Ford Motor Co., a Dearborn, Mich.-based automaker, saw its term loan quoted at 84 bid, 85 offered, down from 85 bid, 86 offered.

And, Freescale Semiconductor Inc., an Austin, Texas, designer and manufacturer of embedded semiconductors, saw its term loan quoted at 80½ bid, 82½ offered, down from 82 bid, 84 offered, the trader continued.

Meanwhile, Georgia-Pacific Corp., an Atlanta-based manufacturer and marketer of tissue, packaging, paper, building products and related chemicals, saw its term loan B end the day unchanged at 89 bid, 90 offered, the trader said.

Also, Alltel Communications Inc., a Little Rock, Ark., provider of wireless voice and data communications services, saw its term loan B-3 end unchanged at 89½ bid, 90¼ offered, the trader added.

As for LCDX 9, levels went out around 92.10 bid, 92.30 offered, down from around 92.30 bid, 92.50 offered.

"It traded as high as 92.60 in the Street, but then it came back down," the trader added regarding the index.

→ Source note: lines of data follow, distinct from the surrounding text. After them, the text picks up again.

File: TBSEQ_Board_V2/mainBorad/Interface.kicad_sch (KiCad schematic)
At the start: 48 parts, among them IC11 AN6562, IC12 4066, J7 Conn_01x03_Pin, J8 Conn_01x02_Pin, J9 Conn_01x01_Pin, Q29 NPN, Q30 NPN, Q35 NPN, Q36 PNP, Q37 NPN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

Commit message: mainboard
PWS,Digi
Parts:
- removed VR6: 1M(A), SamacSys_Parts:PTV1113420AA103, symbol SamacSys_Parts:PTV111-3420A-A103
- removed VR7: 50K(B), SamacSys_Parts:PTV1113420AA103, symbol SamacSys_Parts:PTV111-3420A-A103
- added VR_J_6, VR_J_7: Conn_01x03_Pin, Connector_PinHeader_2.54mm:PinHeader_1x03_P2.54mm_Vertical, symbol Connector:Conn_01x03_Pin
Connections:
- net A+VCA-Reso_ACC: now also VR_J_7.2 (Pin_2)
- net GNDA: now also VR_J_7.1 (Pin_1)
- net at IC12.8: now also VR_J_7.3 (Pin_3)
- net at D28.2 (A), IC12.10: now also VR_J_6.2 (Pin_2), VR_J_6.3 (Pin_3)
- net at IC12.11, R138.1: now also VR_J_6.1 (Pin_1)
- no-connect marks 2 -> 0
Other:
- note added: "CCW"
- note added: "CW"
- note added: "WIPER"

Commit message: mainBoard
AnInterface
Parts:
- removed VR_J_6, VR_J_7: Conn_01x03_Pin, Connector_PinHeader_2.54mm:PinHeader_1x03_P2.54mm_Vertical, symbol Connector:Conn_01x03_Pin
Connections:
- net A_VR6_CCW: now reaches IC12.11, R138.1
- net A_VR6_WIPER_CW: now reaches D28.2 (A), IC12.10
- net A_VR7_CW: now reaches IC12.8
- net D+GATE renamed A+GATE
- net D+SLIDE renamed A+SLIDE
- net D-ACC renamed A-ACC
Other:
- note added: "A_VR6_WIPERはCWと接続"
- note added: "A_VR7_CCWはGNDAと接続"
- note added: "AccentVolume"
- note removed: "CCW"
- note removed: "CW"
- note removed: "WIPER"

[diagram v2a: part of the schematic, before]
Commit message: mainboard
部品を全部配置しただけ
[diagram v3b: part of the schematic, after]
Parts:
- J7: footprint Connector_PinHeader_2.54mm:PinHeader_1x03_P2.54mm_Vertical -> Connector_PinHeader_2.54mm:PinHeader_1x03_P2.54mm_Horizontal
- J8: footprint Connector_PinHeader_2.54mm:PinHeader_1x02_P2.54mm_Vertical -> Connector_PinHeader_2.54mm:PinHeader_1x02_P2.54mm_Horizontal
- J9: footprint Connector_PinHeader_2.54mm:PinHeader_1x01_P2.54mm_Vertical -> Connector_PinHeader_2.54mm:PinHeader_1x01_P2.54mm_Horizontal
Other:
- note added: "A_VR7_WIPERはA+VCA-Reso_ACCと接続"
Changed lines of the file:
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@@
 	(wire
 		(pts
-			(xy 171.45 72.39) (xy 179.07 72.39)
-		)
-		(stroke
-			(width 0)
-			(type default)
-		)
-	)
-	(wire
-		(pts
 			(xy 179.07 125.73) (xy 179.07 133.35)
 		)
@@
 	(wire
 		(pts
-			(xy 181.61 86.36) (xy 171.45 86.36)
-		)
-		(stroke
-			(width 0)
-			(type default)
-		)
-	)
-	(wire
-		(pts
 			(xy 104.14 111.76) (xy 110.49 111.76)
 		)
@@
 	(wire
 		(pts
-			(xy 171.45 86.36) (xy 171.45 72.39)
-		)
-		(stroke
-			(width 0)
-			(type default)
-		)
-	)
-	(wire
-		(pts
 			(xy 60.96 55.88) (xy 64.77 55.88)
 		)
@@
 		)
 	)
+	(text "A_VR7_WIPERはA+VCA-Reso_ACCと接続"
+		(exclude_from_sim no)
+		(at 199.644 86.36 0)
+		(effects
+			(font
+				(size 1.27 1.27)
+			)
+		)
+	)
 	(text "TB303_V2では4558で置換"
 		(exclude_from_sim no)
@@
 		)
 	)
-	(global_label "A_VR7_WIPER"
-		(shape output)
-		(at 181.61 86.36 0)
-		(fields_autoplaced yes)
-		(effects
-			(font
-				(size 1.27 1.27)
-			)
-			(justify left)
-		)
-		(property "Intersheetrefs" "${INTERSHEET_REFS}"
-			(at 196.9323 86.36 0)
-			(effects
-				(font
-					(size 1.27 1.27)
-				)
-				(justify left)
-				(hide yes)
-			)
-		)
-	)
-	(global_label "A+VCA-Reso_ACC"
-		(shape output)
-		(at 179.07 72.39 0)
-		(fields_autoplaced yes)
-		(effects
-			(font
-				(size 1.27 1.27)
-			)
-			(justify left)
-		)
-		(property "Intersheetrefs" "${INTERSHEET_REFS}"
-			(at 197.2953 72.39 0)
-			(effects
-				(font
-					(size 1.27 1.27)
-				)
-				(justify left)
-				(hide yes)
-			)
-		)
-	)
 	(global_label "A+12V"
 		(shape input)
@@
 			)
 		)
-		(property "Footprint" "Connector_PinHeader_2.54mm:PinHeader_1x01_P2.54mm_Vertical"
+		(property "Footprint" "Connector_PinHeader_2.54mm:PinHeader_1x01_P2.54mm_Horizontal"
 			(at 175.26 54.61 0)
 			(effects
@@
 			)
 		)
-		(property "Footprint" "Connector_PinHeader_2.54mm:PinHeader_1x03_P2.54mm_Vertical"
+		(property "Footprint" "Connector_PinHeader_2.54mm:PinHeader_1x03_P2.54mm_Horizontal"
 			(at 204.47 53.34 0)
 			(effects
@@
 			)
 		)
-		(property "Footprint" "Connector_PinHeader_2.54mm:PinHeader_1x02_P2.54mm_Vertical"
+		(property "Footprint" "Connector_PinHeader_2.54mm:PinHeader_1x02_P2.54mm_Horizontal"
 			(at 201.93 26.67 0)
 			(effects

In equities, Nasdaq was down 30.82 points, or 1.33%, Dow Jones Industrial Average was down 65.03 points, or 0.53%, S&P 500 was down 10.19 points, or 0.76%, and NYSE was down 56.39 points, or 0.64%.

Tribune slides

Tribune Co.'s term loan B headed down in trading on Wednesday after McClatchy Co., another newspaper company, reported lower fourth quarter revenues, according to a trader.

The Tribune term loan B went out at 72½ bid, 73½ offered, down from previous levels of 73 bid, 74 offered, the trader said.

On Wednesday morning, McClatchy announced that revenues for the quarter were $573.4 million, down 14.9% from revenues from continuing operations of $673.6 million in 2006.

Preliminary income from continuing operations in the fourth quarter was $33.2 million, or 40 cents per share compared to fourth-quarter 2006 income from continuing operations of $76.9 million, or 94 cents per share.

"While we saw a slight improvement in advertising in the fourth quarter compared to the second and third quarters, the advertising environment in 2008 does not appear to be improving. In fact, in January we've seen headwinds from a worsening national economy," said Gary Pruitt, chairman and chief executive officer of McClatchy, in a company news release.

"We now expect advertising will likely be down in the low double-digit range in the first quarter of 2008. As the year progresses we expect advertising revenue trends to improve somewhat from the first quarter, but we don't have sufficient visibility to be more specific."

For the full year, revenues were $2.3 billion, compared to $1.7 billion in 2006, reflecting the addition of the retained Knight Ridder newspapers acquired in the third quarter of 2006.

Preliminary losses from continuing operations in 2007 were $1.26 billion or $15.40 per share, compared to income from continuing operations for the full year of 2006 of $183.5 million, or $2.84 per share.